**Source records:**
□ □ □ □
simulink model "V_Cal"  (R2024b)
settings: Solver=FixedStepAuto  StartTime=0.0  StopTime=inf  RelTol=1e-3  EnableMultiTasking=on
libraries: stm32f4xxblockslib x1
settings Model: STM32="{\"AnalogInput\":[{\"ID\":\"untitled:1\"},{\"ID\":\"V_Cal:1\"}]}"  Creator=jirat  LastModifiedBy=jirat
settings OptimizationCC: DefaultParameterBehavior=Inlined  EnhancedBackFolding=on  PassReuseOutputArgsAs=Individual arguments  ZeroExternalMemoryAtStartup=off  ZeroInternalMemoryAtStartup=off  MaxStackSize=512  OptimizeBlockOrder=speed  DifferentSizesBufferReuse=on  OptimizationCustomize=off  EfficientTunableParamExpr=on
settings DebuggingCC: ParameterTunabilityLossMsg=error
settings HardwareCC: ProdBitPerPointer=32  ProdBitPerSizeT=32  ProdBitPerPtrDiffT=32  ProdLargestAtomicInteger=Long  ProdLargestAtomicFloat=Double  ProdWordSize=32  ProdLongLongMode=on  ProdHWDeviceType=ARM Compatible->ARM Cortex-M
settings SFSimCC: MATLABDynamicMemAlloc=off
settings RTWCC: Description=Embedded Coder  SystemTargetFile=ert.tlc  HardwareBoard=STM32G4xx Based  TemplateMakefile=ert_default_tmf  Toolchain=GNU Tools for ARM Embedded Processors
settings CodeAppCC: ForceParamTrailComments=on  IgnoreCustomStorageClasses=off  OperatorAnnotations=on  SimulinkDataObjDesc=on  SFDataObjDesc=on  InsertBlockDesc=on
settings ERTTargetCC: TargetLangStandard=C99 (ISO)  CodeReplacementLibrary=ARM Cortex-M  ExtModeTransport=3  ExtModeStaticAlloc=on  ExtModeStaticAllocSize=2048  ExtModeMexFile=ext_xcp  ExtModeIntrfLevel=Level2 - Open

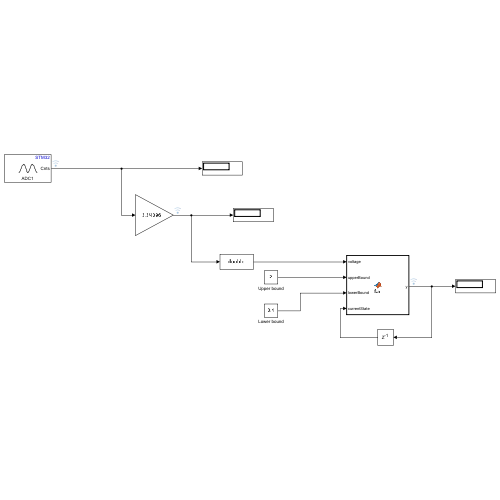
[thumbnail: Simulink's stored preview of the top-level diagram]
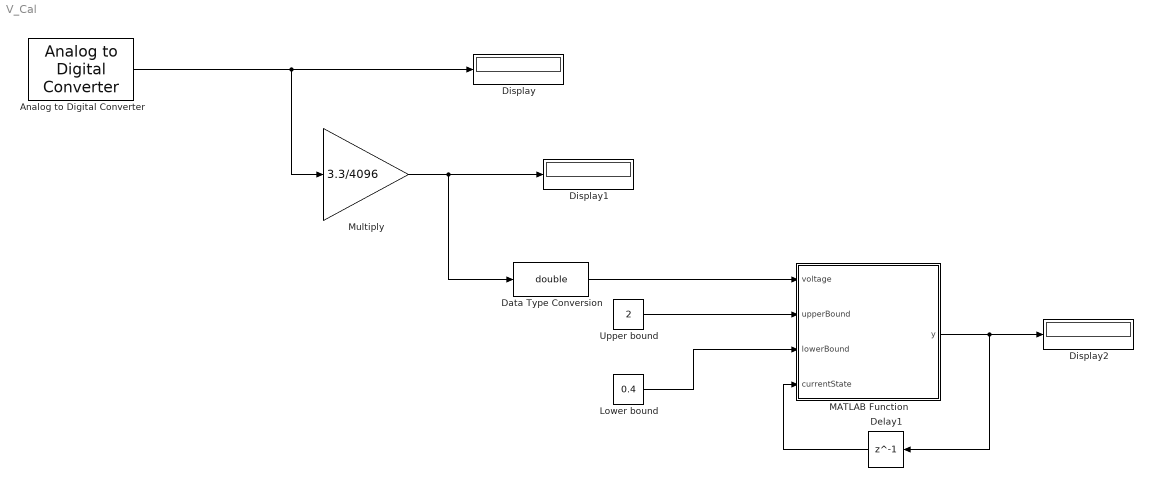
== system V_Cal ==
  Analog to Digital Converter : stm32f4xxblockslib/Analog to Digital Converter  ADCModule=ADC1  ConversionGroup=Regular  TriggerMode=Trigger and read  NumberOfConversions=1  EnableBufferConv=off  BufferLength=1  OutputStatus=off  SampleTime=-1  EnableSimPort=off  hoistedMaskSrc=ECSoC/ECSimCodegen/Analog to Digital Converter
  Data Type Conversion : DataTypeConversion  OutDataTypeStr=double  SaturateOnIntegerOverflow=off  RndMeth=Floor
  Delay1 : Delay  DelayLength=1  InputProcessing=Columns as channels (frame based)
  Display : Display
  Display1 : Display
  Display2 : Display
  Lower bound : Constant  Value=0.4
  MATLAB Function : MATLAB Function  TreatAsAtomicUnit=on
  Multiply : Gain  Gain=3.3/4096
  Upper bound : Constant  Value=2
  wires:
  Analog to Digital Converter/1 -> Multiply/1, Display/1
  Multiply/1 -> Data Type Conversion/1, Display1/1
  Upper bound/1 -> MATLAB Function/2(upperBound)
  Lower bound/1 -> MATLAB Function/3(lowerBound)
  MATLAB Function/1(y) -> Delay1/1, Display2/1
  Data Type Conversion/1 -> MATLAB Function/1(voltage)
  Delay1/1 -> MATLAB Function/4(currentState)

== matlab function V_Cal/MATLAB Function ==
  data: voltage input; y output; upperBound input; lowerBound input; currentState input
function y = fcn(voltage, upperBound, lowerBound, currentState)

    if voltage > upperBound
        y = 3.3;      
    elseif voltage < lowerBound
        y = 0;
    else
        y = currentState;
    end

end
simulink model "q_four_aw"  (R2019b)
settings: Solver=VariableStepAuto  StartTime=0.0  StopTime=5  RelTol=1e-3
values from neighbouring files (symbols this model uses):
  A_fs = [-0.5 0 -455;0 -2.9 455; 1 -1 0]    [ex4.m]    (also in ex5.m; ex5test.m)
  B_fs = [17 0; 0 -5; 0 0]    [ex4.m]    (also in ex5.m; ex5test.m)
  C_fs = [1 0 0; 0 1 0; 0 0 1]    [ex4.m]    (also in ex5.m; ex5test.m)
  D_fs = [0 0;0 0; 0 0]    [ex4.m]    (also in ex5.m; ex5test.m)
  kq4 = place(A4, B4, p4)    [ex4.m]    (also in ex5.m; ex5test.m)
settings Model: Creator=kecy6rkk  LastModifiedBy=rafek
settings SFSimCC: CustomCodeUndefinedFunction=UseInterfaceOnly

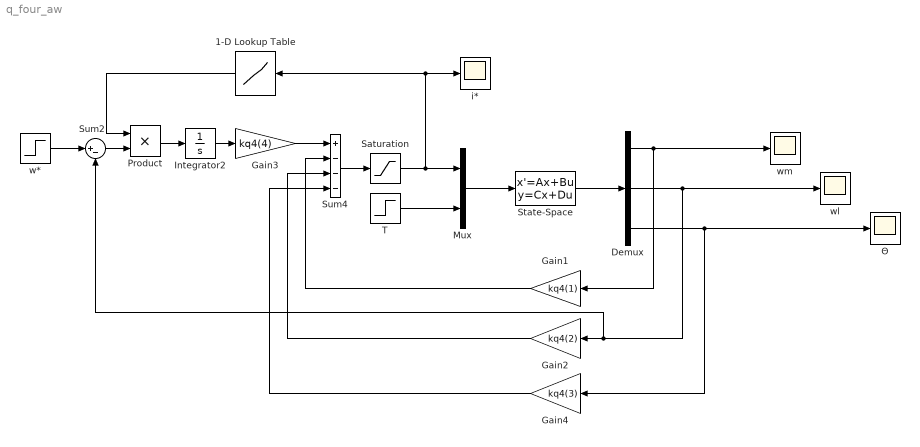
== system q_four_aw ==
  1-D Lookup Table : Lookup_n-D  NumberOfTableDimensions=1  BreakpointsForDimension1=[-100, -42, -41.9, 0, 41.9, 42, 100]  Table=[0, 0, 1, 1, 1, 0, 0]  InternalRulePriority=Speed  RndMeth=Simplest  InputSameDT=on
  Demux : Demux  Outputs=3
  Gain1 : Gain  Gain=kq4(1)
  Gain2 : Gain  Gain=kq4(2)
  Gain3 : Gain  Gain=kq4(4)
  Gain4 : Gain  Gain=kq4(3)
  Integrator2 : Integrator
  Mux : Mux  Inputs=2
  Product : Product
  Saturation : Saturate  UpperLimit=42  LowerLimit=-42
  State-Space : StateSpace  A=A_fs  B=B_fs  C=C_fs  D=D_fs  InitialCondition=0
  Sum2 : Sum  Inputs=|+-
  Sum4 : Sum  Inputs=+---
  T : Step  Time=0  After=75  SampleTime=0
  i* : Scope
  w* : Step  Time=0  After=100  SampleTime=0
  wl : Scope
  wm : Scope
  Θ : Scope
  wires:
  Mux/1 -> State-Space/1
  State-Space/1 -> Demux/1
  Gain1/1 -> Sum4/2
  Demux/3 -> Gain4/1, Θ/1
  T/1 -> Mux/2
  Integrator2/1 -> Gain3/1
  Demux/1 -> Gain1/1, wm/1
  Gain4/1 -> Sum4/4
  w*/1 -> Sum2/1
  Gain3/1 -> Sum4/1
  Gain2/1 -> Sum4/3
  Demux/2 -> Sum2/2, Gain2/1, wl/1
  Product/1 -> Integrator2/1
  Sum2/1 -> Product/2
  1-D Lookup Table/1 -> Product/1
  Sum4/1 -> Saturation/1
  Saturation/1 -> i*/1, 1-D Lookup Table/1, Mux/1
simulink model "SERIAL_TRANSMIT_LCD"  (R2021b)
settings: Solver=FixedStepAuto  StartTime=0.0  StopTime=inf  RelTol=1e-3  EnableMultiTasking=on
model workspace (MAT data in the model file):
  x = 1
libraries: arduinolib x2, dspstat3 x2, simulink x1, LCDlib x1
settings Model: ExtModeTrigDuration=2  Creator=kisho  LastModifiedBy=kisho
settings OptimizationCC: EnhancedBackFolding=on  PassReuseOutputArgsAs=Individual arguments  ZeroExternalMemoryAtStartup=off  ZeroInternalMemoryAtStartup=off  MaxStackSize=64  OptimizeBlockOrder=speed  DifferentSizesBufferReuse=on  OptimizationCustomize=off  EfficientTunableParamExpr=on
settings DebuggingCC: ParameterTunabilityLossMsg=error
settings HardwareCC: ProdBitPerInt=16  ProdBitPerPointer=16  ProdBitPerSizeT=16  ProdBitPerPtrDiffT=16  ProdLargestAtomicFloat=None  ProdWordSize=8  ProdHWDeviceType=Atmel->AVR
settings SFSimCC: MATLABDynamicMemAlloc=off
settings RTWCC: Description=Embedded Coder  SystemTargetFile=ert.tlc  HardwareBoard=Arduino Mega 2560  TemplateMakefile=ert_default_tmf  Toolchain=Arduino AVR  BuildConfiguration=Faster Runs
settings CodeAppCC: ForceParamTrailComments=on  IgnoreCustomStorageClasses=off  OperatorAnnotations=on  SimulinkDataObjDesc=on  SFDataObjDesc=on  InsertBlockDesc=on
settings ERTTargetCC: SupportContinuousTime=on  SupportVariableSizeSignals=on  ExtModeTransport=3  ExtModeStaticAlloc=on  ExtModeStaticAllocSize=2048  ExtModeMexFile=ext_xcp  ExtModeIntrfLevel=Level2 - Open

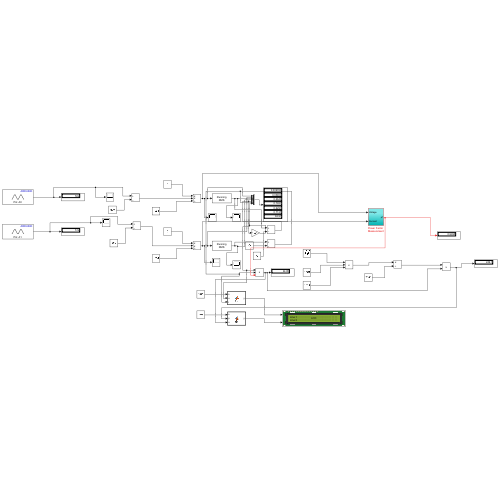
[thumbnail: Simulink's stored preview of the top-level diagram]
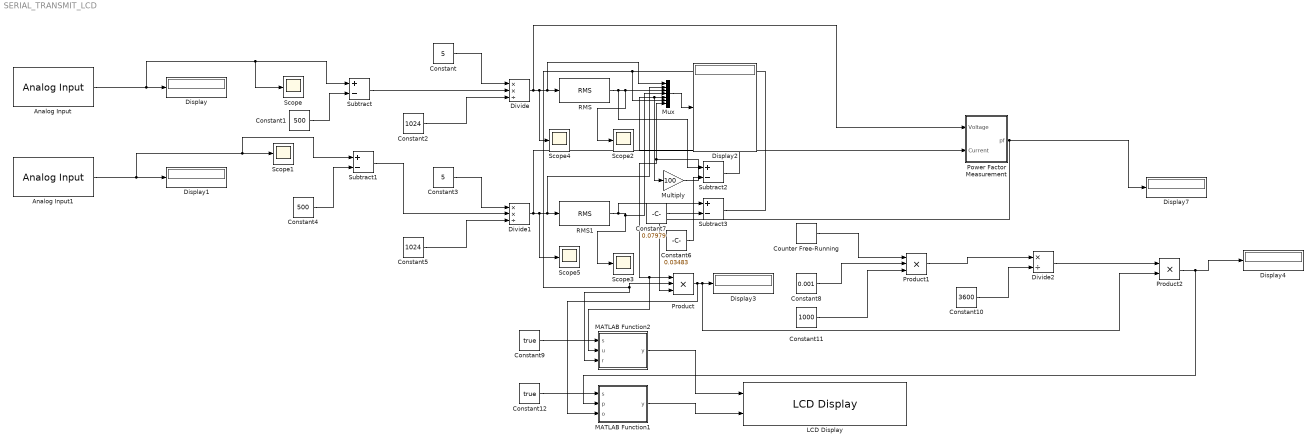
== system SERIAL_TRANSMIT_LCD ==
  Analog Input : arduinolib/Analog Input  pinNumber=0  ReadResultsOnly=off  ConversionTriggerSource=Software  ExternalTriggerType=uint32( 0 )  OutputDataType=uint16  EnableConversionCompleteNotify=off  EnableOuputStatus=off  SampleTime=0.001  blockPlatform=arduino
  Analog Input1 : arduinolib/Analog Input  pinNumber=1  ReadResultsOnly=off  ConversionTriggerSource=Software  ExternalTriggerType=uint32( 0 )  OutputDataType=uint16  EnableConversionCompleteNotify=off  EnableOuputStatus=off  SampleTime=0.001  blockPlatform=arduino
  Constant : Constant  Value=5
  Constant1 : Constant  Value=500
  Constant10 : Constant  Value=3600
  Constant11 : Constant  Value=1000
  Constant12 : Constant  Value=true  OutDataTypeStr=boolean
  Constant2 : Constant  Value=1024
  Constant3 : Constant  Value=5
  Constant4 : Constant  Value=500
  Constant5 : Constant  Value=1024
  Constant6 : Constant  Value=0.03483
  Constant7 : Constant  Value=0.07979
  Constant8 : Constant  Value=0.001
  Constant9 : Constant  Value=true  OutDataTypeStr=boolean
  Counter Free-Running : simulink/Sources/Counter Free-Running  NumBits=32  tsamp=0.001
  Display{,1..4,7} (6 alike) : Display
  Divide : Product  Inputs=**/
  Divide1 : Product  Inputs=**/
  Divide2 : Product  Inputs=*/
  LCD Display : LCDlib/LCD Display  pins=[50, 3, 4, 51, 5, 48]
      settings: SourceProductName=LCD Library
  MATLAB Function1 : MATLAB Function  TreatAsAtomicUnit=on
  MATLAB Function2 : MATLAB Function  TreatAsAtomicUnit=on
  Multiply : Gain  Gain=100
  Mux : Mux  Inputs=7
  Power Factor Measurement : Subsystem
  Product : Product  Inputs=3  OutDataTypeStr=double
  Product1 : Product  Inputs=3
  Product2 : Product
  RMS : dspstat3/RMS  run=on  directionMode=Each column  dimension=1  InputProcessing=Columns as channels (frame based)  reset_popup=None
  RMS1 : dspstat3/RMS  run=on  directionMode=Each column  dimension=1  InputProcessing=Columns as channels (frame based)  reset_popup=None
  Scope{,1..5} (6 alike) : Scope
  Subtract{,1..3} (4 alike) : Sum  Inputs=+-
  wires:
  Constant/1 -> Divide/1
  Constant2/1 -> Divide/3
  RMS/1 -> Mux/3, Scope2/1, Subtract2/1
  Constant3/1 -> Divide1/1
  Analog Input1/1 -> Subtract1/1, Scope1/1, Display1/1
  Constant5/1 -> Divide1/3
  RMS1/1 -> Subtract3/1, Scope3/1, Mux/4
  Analog Input/1 -> Subtract/1, Scope/1, Display/1
  Mux/1 -> Display2/1
  Subtract/1 -> Divide/2
  Constant1/1 -> Subtract/2
  Subtract1/1 -> Divide1/2
  Constant4/1 -> Subtract1/2
  Subtract2/1 -> Multiply/1, Mux/5
  Constant6/1 -> Subtract2/2
  Constant7/1 -> Subtract3/2
  Counter Free-Running/1 -> Product1/1
  Divide2/1 -> Product2/1
  Constant8/1 -> Product1/2
  Constant10/1 -> Divide2/2
  Product1/1 -> Divide2/1
  Product/1 -> MATLAB Function1/3(o), Product2/2, Display3/1
  Constant11/1 -> Product1/3
  Subtract3/1 -> MATLAB Function2/3(r), Product/2, Mux/6
  Multiply/1 -> Mux/7, MATLAB Function2/2(u), Product/1
  Divide/1 -> Power Factor Measurement/1(Voltage), Scope4/1, Mux/1, RMS/1
  Divide1/1 -> RMS1/1, Mux/2, Scope5/1, Power Factor Measurement/2(Current)
  Power Factor Measurement/1(pf) -> Display7/1, Product/3
  Constant9/1 -> MATLAB Function2/1(s)
  Constant12/1 -> MATLAB Function1/1(s)
  MATLAB Function1/1(y) -> LCD Display/2
  MATLAB Function2/1(y) -> LCD Display/1
  Product2/1 -> MATLAB Function1/2(p), Display4/1

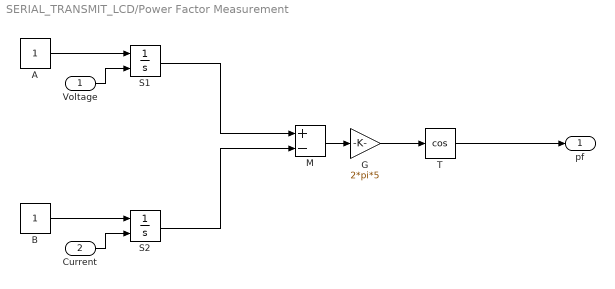
== system SERIAL_TRANSMIT_LCD/Power Factor Measurement ==
  Voltage : Inport
  Current : Inport  Port=2
  A : Constant
  B : Constant
  G : Gain  Gain=2*pi*5
  M : Sum  Inputs=+-
  S1 : Integrator  ExternalReset=falling
  S2 : Integrator  ExternalReset=falling
  T : Trigonometry  Operator=cos
  pf : Outport
  wires:
  A/1 -> S1/1
  B/1 -> S2/1
  S1/1 -> M/1
  S2/1 -> M/2
  Voltage/1 -> S1/2
  Current/1 -> S2/2
  M/1 -> G/1
  G/1 -> T/1
  T/1 -> pf/1

== matlab function SERIAL_TRANSMIT_LCD/MATLAB Function1 ==
  data: s input; p input; y output; o input
function y = fcn(s, p,o)

% Copyright 2008-2019 The MathWorks, Inc.

% s == true  --> energy and power
% u: input numerica data

y           = uint8(zeros([1 16]));

%% first digit
v           = fix(p);
a           = abs(v);
g=fix(o);
k=abs(g);


if a>=0 && a<100
    y(3)    = uint8(48);
    b       = a;
    
elseif a>=100 && a<200
    y(3)    = uint8(49);
    b       = a-100;
    
elseif a>=200 && a<300
    y(3)    = uint8(50);
    b       = a-200;
    
elseif a>=300 && a<400
    y(3)    = uint8(51);
    b       = a-300;
    
elseif a>=400 && a<500
    y(3)    = uint8(52);
    b       = a-400;
    
elseif a>=500 && a<600
    y(3)    = uint8(53);
    b       = a-500;
    
elseif a>=600 && a<700
    y(3)    = uint8(54);
    b       = a-600;
    
elseif a>=700 && a<800
    y(3)    = uint8(55);
    b       = a-700;
    
elseif a>=800 && a<900
    y(3)    = uint8(56);
    b       = a-800;
    
elseif a>=900 && a<1000
    y(3)    = uint8(57);
    b       = a-900;
    
else
    y(3)    = uint8(57);
    b       = 9;
end


if b>=0 && b<10
    y(4)    = uint8(48);
    c       = b;
    
elseif b>=10 && b<20
    y(4)    = uint8(49);
    c       = b-10;
    
elseif b>=20 && b<30
    y(4)    = uint8(50);
    c       = b-20;
    
elseif b>=30 && b<40
    y(4)    = uint8(51);
    c       = b-30;
    
elseif b>=40 && b<50
    y(4)    = uint8(52);
    c       = b-40;
    
elseif b>=50 && b<60
    y(4)    = uint8(53);
    c       = b-50;
    
elseif b>=60 && b<70
    y(4)    = uint8(54);
    c       = a-60;
    
elseif b>=70 && b<80
    y(4)    = uint8(55);
    c       = b-70;
    
elseif b>=80 && b<90
    y(4)    = uint8(56);
    c       = b-80;
    
elseif b>=90 && b<100
    y(4)    = uint8(57);
    c       = a-90;
    
else
    y(4)    = uint8(57);
    c       = 9;
end
if k>=0 && k<10
    y(10)    = uint8(48);
    m       = k;
    
elseif k>=10 && k<20
    y(10)    = uint8(49);
    m       = k-10;
    
elseif k>=20 && k<30
    y(10)    = uint8(50);
    m       = k-20;
    
elseif k>=30 && k<40
    y(10)    = uint8(51);
    m       = k-30;
    
elseif k>=40 && k<50
    y(10)    = uint8(52);
    m       = k-40;
    
elseif k>=50 && k<60
    y(10)    = uint8(53);
    m       = k-50;
    
elseif k>=60 && k<70
    y(10)    = uint8(54);
    m       = k-60;
    
elseif k>=70 && k<80
    y(10)    = uint8(55);
    m       = k-70;
    
elseif k>=80 && k<90
    y(10)    = uint8(56);
    m       = k-80;
    
elseif k>=90 && k<100
    y(10)    = uint8(57);
    m       = k-90;
    
else
    y(10)    = uint8(57);
    m       = 9;
end
%% third digit
y(5)        = determineNumber(c);
y(11)=determineNumber(m);

%% energy and power

if s
    y(1:2)      = uint8([69 58]);
    y(6:7) = uint8([32]);
    y(8:9) = uint8([80 58]);
else
    y(1:6)      = uint8([104   117   109   105    58    32]);
    y([12 13])  = uint8([32 37]);
end

end



%% local helper function

function d = determineNumber(n)

    switch n
        case 0
            d = uint8(48);
        case 1
            d = uint8(49);
        case 2
            d = uint8(50);
        case 3
            d = uint8(51);
        case 4
            d = uint8(52);
        case 5
            d = uint8(53);
        case 6
            d = uint8(54);
        case 7
            d = uint8(55);
        case 8
            d = uint8(56);
        case 9
            d = uint8(57);    
        otherwise
            d = uint8(57);
    end

end

== matlab function SERIAL_TRANSMIT_LCD/MATLAB Function2 ==
  data: s input; u input; y output; r input
function y = fcn(s, u,r)

% Copyright 2008-2019 The MathWorks, Inc.

% s == true  --> voltage and current
% u: input numerica data

y           = uint8(zeros([1 16]));

%% first digit
v           = fix(u);
a           = abs(v);
t           = r;
l           = t*100;

if a>=0 && a<10
    y(3)    = uint8(48);
    b       = a;
    
elseif a>=10 && a<20
    y(3)    = uint8(49);
    b       = a-10;
    
elseif a>=20 && a<30
    y(3)    = uint8(50);
    b       = a-20;
    
elseif a>=30 && a<40
    y(3)    = uint8(51);
    b       = a-30;
    
elseif a>=40 && a<50
    y(3)    = uint8(52);
    b       = a-40;
    
elseif a>=50 && a<60
    y(3)    = uint8(53);
    b       = a-50;
    
elseif a>=60 && a<70
    y(3)    = uint8(54);
    b       = a-60;
    
elseif a>=70 && a<80
    y(3)    = uint8(55);
    b       = a-70;
    
elseif a>=80 && a<90
    y(3)    = uint8(56);
    b       = a-80;
    
elseif a>=90 && a<100
    y(3)    = uint8(57);
    b       = a-90;
    
else
    y(3)    = uint8(57);
    b       = 9;
end

if l>=0 && l<10
    y(12)    = uint8(48);
    c       = l;
    
elseif l>=10 && l<20
    y(12)    = uint8(49);
    c       = l-10;
    
elseif l>=20 && l<30
    y(12)    = uint8(50);
    c       = l-20;
    
elseif l>=30 && l<40
    y(12)    = uint8(51);
    c       = l-30;
    
elseif l>=40 && l<50
    y(12)    = uint8(52);
    c       = l-40;
    
elseif l>=50 && l<60
    y(12)    = uint8(53);
    c       = l-50;
    
elseif l>=60 && l<70
    y(12)    = uint8(54);
    c       = l-60;
    
elseif l>=70 && l<80
    y(12)    = uint8(55);
    c       = l-70;
    
elseif l>=80 && l<90
    y(12)    = uint8(56);
    c       = l-80;
    
elseif l>=90 && l<100
    y(12)    = uint8(57);
    c       = l-90;
    
else
    y(12)    = uint8(57);
    c       = 9;
end


%% second digit
y(4)        = determineNumber(b);
y(13)        = determineNumber(c);

%% fractional part
f           = fix((u-v)*10);

y(5)       = uint8(46);
y(6)       = determineNumber(f);

y(11)       = uint8(46);
y(10)=uint8(48);
y(7)=uint8(32);


%% voltage and current

if s
    y(1:2)      = uint8([86 58]);
    y(8:9)  = uint8([73 58]);
else
    y(1:6)      = uint8([104   117   109   105    58    32]);
    y([12 13])  = uint8([32 37]);
end

end



%% local helper function

function d = determineNumber(n)

    switch n
        case 0
            d = uint8(48);
        case 1
            d = uint8(49);
        case 2
            d = uint8(50);
        case 3
            d = uint8(51);
        case 4
            d = uint8(52);
        case 5
            d = uint8(53);
        case 6
            d = uint8(54);
        case 7
            d = uint8(55);
        case 8
            d = uint8(56);
        case 9
            d = uint8(57);    
        otherwise
            d = uint8(57);
    end

end
□ □ □ □
Restate word for word the entries above, starting at the line with "Constant11 : Constant" and ending at the line with "settings: SourceProductName=LCD Library", inclusive, and no others.

  Constant11 : Constant  Value=1000
  Constant12 : Constant  Value=true  OutDataTypeStr=boolean
  Constant2 : Constant  Value=1024
  Constant3 : Constant  Value=5
  Constant4 : Constant  Value=500
  Constant5 : Constant  Value=1024
  Constant6 : Constant  Value=0.03483
  Constant7 : Constant  Value=0.07979
  Constant8 : Constant  Value=0.001
  Constant9 : Constant  Value=true  OutDataTypeStr=boolean
  Counter Free-Running : simulink/Sources/Counter Free-Running  NumBits=32  tsamp=0.001
  Display{,1..4,7} (6 alike) : Display
  Divide : Product  Inputs=**/
  Divide1 : Product  Inputs=**/
  Divide2 : Product  Inputs=*/
  LCD Display : LCDlib/LCD Display  pins=[50, 3, 4, 51, 5, 48]
      settings: SourceProductName=LCD Library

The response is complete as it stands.